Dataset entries

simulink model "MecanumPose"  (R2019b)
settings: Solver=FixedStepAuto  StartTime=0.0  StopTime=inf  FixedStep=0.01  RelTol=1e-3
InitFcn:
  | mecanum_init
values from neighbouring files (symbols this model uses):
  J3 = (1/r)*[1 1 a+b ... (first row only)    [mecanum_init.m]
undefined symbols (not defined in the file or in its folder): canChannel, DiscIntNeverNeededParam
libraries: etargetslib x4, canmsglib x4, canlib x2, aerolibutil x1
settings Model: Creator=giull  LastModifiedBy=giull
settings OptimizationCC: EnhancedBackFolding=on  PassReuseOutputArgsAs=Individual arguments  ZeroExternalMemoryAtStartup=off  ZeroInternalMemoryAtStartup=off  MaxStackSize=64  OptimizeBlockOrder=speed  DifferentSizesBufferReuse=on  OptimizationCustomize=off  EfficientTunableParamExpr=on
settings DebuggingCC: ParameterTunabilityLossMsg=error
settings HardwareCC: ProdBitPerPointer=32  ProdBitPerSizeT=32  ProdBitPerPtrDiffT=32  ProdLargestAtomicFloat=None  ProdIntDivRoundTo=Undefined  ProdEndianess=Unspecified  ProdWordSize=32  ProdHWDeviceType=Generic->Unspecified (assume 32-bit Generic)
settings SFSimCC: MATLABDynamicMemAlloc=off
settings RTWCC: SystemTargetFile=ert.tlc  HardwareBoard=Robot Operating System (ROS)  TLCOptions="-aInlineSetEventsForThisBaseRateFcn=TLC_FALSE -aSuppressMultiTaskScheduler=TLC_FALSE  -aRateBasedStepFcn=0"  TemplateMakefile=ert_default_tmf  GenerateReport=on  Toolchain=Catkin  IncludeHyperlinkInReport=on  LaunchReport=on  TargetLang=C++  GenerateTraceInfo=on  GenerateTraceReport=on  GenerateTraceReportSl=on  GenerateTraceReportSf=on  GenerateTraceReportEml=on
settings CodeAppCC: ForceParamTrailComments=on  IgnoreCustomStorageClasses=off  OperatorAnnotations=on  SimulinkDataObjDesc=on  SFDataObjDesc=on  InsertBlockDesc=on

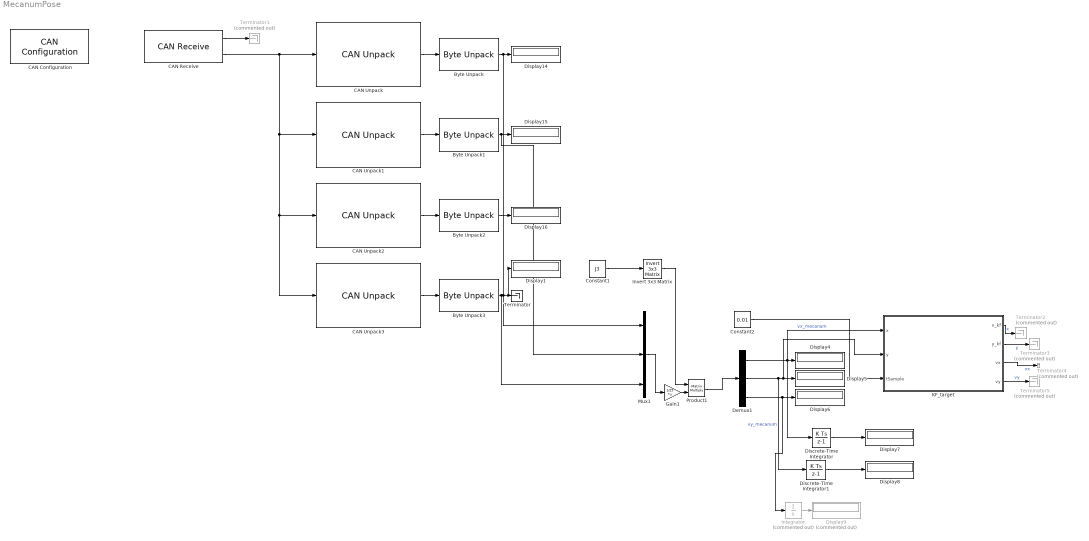
== system MecanumPose ==
  Byte Unpack{,1..3} (4 alike) : etargetslib/Byte Unpack  dimensions={[1]}  datatypes={'int16'}  byteAlign=1
      settings: SourceProductName=MATLAB Coder
  CAN Configuration : canlib/CAN Configuration  BlockHandle=6.0006  Device=PEAK-System PCAN-USB (PCAN_USBBUS1)  DeviceMenu=PEAK-System PCAN-USB (PCAN_USBBUS1)  ObjConstructor=canChannel('PEAK-System', 'PCAN_USBBUS1')  BusSpeed=500000  EnableBitParameters=off  AckMode=Normal
      settings: SourceProductName=Vehicle Network Toolbox  SourceProductBaseCode=VN
  CAN Receive : canlib/CAN Receive  BlockHandle=7.0006  Device=PEAK-System PCAN-USB (PCAN_USBBUS1)  DeviceMenu=PEAK-System PCAN-USB (PCAN_USBBUS1)  ObjConstructor=canChannel('PEAK-System', 'PCAN_USBBUS1')  EnableStandardIDsFilter=off  StdIDsCombo=Allow all  StandardIDs=275  EnableExtendedIDsFilter=off  ExtIDsCombo=Allow all  ExtendedIDs=275  SampleTime=0.01  MsgsPerTimestep=all  InternalFilterUpdateStatus=on  BusOutput=on
      settings: SourceProductName=Vehicle Network Toolbox  SourceProductBaseCode=VN
  CAN Unpack : canmsglib/CAN Unpack  MsgList=(none)  MsgName=CAN Msg  MsgIDType=Standard (11-bit identifier)  MsgIdentifier=275  MsgLength=2  SignalInfo={ 'Signal1', '0', '64', 'LE', 'signed', 'Standard', '0', '1', '0', '-Inf', 'Inf' }  IDPort=off  TimestampPort=off  ErrorPort=off  RemotePort=off  LengthPort=off  StatusPort=off  ApplyMinMax=off
      settings: SourceProductName=Vehicle Network Toolbox  SourceProductBaseCode=VN  DataFormat=raw data
  CAN Unpack1 : canmsglib/CAN Unpack  MsgList=(none)  MsgName=CAN Msg  MsgIDType=Standard (11-bit identifier)  MsgIdentifier=259  MsgLength=2  SignalInfo={ 'Signal1', '0', '64', 'LE', 'signed', 'Standard', '0', '1', '0', '-Inf', 'Inf' }  IDPort=off  TimestampPort=off  ErrorPort=off  RemotePort=off  LengthPort=off  StatusPort=off  ApplyMinMax=off
      settings: SourceProductName=Vehicle Network Toolbox  SourceProductBaseCode=VN  DataFormat=raw data
  CAN Unpack2 : canmsglib/CAN Unpack  MsgList=(none)  MsgName=CAN Msg  MsgIDType=Standard (11-bit identifier)  MsgIdentifier=291  MsgLength=2  SignalInfo={ 'Signal1', '0', '64', 'LE', 'signed', 'Standard', '0', '1', '0', '-Inf', 'Inf' }  IDPort=off  TimestampPort=off  ErrorPort=off  RemotePort=off  LengthPort=off  StatusPort=off  ApplyMinMax=off
      settings: SourceProductName=Vehicle Network Toolbox  SourceProductBaseCode=VN  DataFormat=raw data
  CAN Unpack3 : canmsglib/CAN Unpack  MsgList=(none)  MsgName=CAN Msg  MsgIDType=Standard (11-bit identifier)  MsgIdentifier=307  MsgLength=2  SignalInfo={ 'Signal1', '0', '64', 'LE', 'signed', 'Standard', '0', '1', '0', '-Inf', 'Inf' }  IDPort=off  TimestampPort=off  ErrorPort=off  RemotePort=off  LengthPort=off  StatusPort=off  ApplyMinMax=off
      settings: SourceProductName=Vehicle Network Toolbox  SourceProductBaseCode=VN  DataFormat=raw data
  Constant1 : Constant  Value=J3
  Constant2 : Constant  Value=0.01
  Demux1 : Demux  Outputs=3
  Discrete-Time Integrator : DiscreteIntegrator  SampleTime=-1  ICPrevOutput=DiscIntNeverNeededParam  ICPrevScaledInput=DiscIntNeverNeededParam
  Discrete-Time Integrator1 : DiscreteIntegrator  SampleTime=-1  ICPrevOutput=DiscIntNeverNeededParam  ICPrevScaledInput=DiscIntNeverNeededParam
  Display{1,4..8,14..16} (9 alike) : Display
  Display9 : Display  Commented=on
  Gain1 : Gain  Gain=1/25  Multiplication=Matrix(K*u)
  Integrator : Integrator  Commented=on
  Invert 3x3 Matrix : aerolibutil/Invert  3x3 Matrix
  KF_target : MATLAB Function  TreatAsAtomicUnit=on
  Mux1 : Mux  Inputs=3
  Product1 : Product  Multiplication=Matrix(*)
  Terminator : Terminator
  Terminator{1..5} (5 alike) : Terminator  Commented=on
  wires:
  Constant1/1 -> Invert 3x3 Matrix/1
  Product1/1 -> Demux1/1
  Demux1/1 -> Discrete-Time Integrator/1, KF_target/1(x), Display4/1  "vx_mecanum"
  Demux1/2 -> Discrete-Time Integrator1/1, KF_target/2(y), Display5/1  "vy_mecanum"
  Demux1/3 -> Integrator/1, Display6/1
  Invert 3x3 Matrix/1 -> Product1/1
  Integrator/1 -> Display9/1
  Discrete-Time Integrator1/1 -> Display8/1
  Discrete-Time Integrator/1 -> Display7/1
  Byte Unpack/1 -> Mux1/1, Display14/1
  Byte Unpack1/1 -> Mux1/2, Display15/1
  Byte Unpack3/1 -> Mux1/3, Display1/1, Terminator/1
  CAN Receive/1 -> Terminator1/1
  CAN Receive/2 -> CAN Unpack3/1, CAN Unpack2/1, CAN Unpack1/1, CAN Unpack/1
  CAN Unpack/1 -> Byte Unpack/1
  CAN Unpack2/1 -> Byte Unpack2/1
  CAN Unpack1/1 -> Byte Unpack1/1
  CAN Unpack3/1 -> Byte Unpack3/1
  Byte Unpack2/1 -> Display16/1
  Constant2/1 -> KF_target/3(tSample)
  Mux1/1 -> Gain1/1
  Gain1/1 -> Product1/2
  KF_target/1(x_kf) -> Terminator2/1  "x"
  KF_target/2(y_kf) -> Terminator3/1  "y"
  KF_target/3(vx) -> Terminator4/1  "vx"
  KF_target/4(vy) -> Terminator5/1  "vy"

== matlab function MecanumPose/KF_target ==
  settings: updateMethod=DISCRETE
  data: x input; y input; x_kf output; tSample input; y_kf output; vx output; vy output
function [x_kf,y_kf,vx,vy]   = fcn(x,y,tSample)

persistent x_dach P Q R C I A_d firstRun A

if isempty(firstRun)
    
  firstRun = 1;
  
     I=eye(6);

     A = [0 0 1 0 0 0;
          0 0 0 1 0 0;
          0 0 0 0 1 0;
          0 0 0 0 0 1;
          0 0 0 0 0 0;
          0 0 0 0 0 0];
      
     A_d = expm(A*tSample);
       
    C=[0 0 1 0 0 0
       0 0 0 1 0 0];

    Q=0.001*I;

    R=1*eye(2);

    P = 0.1*I;

    x_dach = [0 0 0 0 0 0]'; % Startwerte phi theta psi

end


%% Kalman Filter


xp = A_d*x_dach;

Pp = A_d*P*A_d' + Q;    

K = Pp*C'*inv(C*Pp*C' + R);

x_dach = xp + K*([x y]' - C*xp);

P = Pp - K*C*Pp;

x_kf=x_dach(1);
y_kf=x_dach(2);
vx = x_dach(3);
vy = x_dach(4);
end

◆ TASK REQUIREMENTS: Retype the entries above exactly, but only from the line containing "C=[0 0 1 0 0 0" through the line containing "x_dach = xp + K*([x y]' - C*xp);", both included.

◆ OUTPUT FOR THIS TASK:
    C=[0 0 1 0 0 0
       0 0 0 1 0 0];

    Q=0.001*I;

    R=1*eye(2);

    P = 0.1*I;

    x_dach = [0 0 0 0 0 0]'; % Startwerte phi theta psi

end


%% Kalman Filter


xp = A_d*x_dach;

Pp = A_d*P*A_d' + Q;    

K = Pp*C'*inv(C*Pp*C' + R);

x_dach = xp + K*([x y]' - C*xp);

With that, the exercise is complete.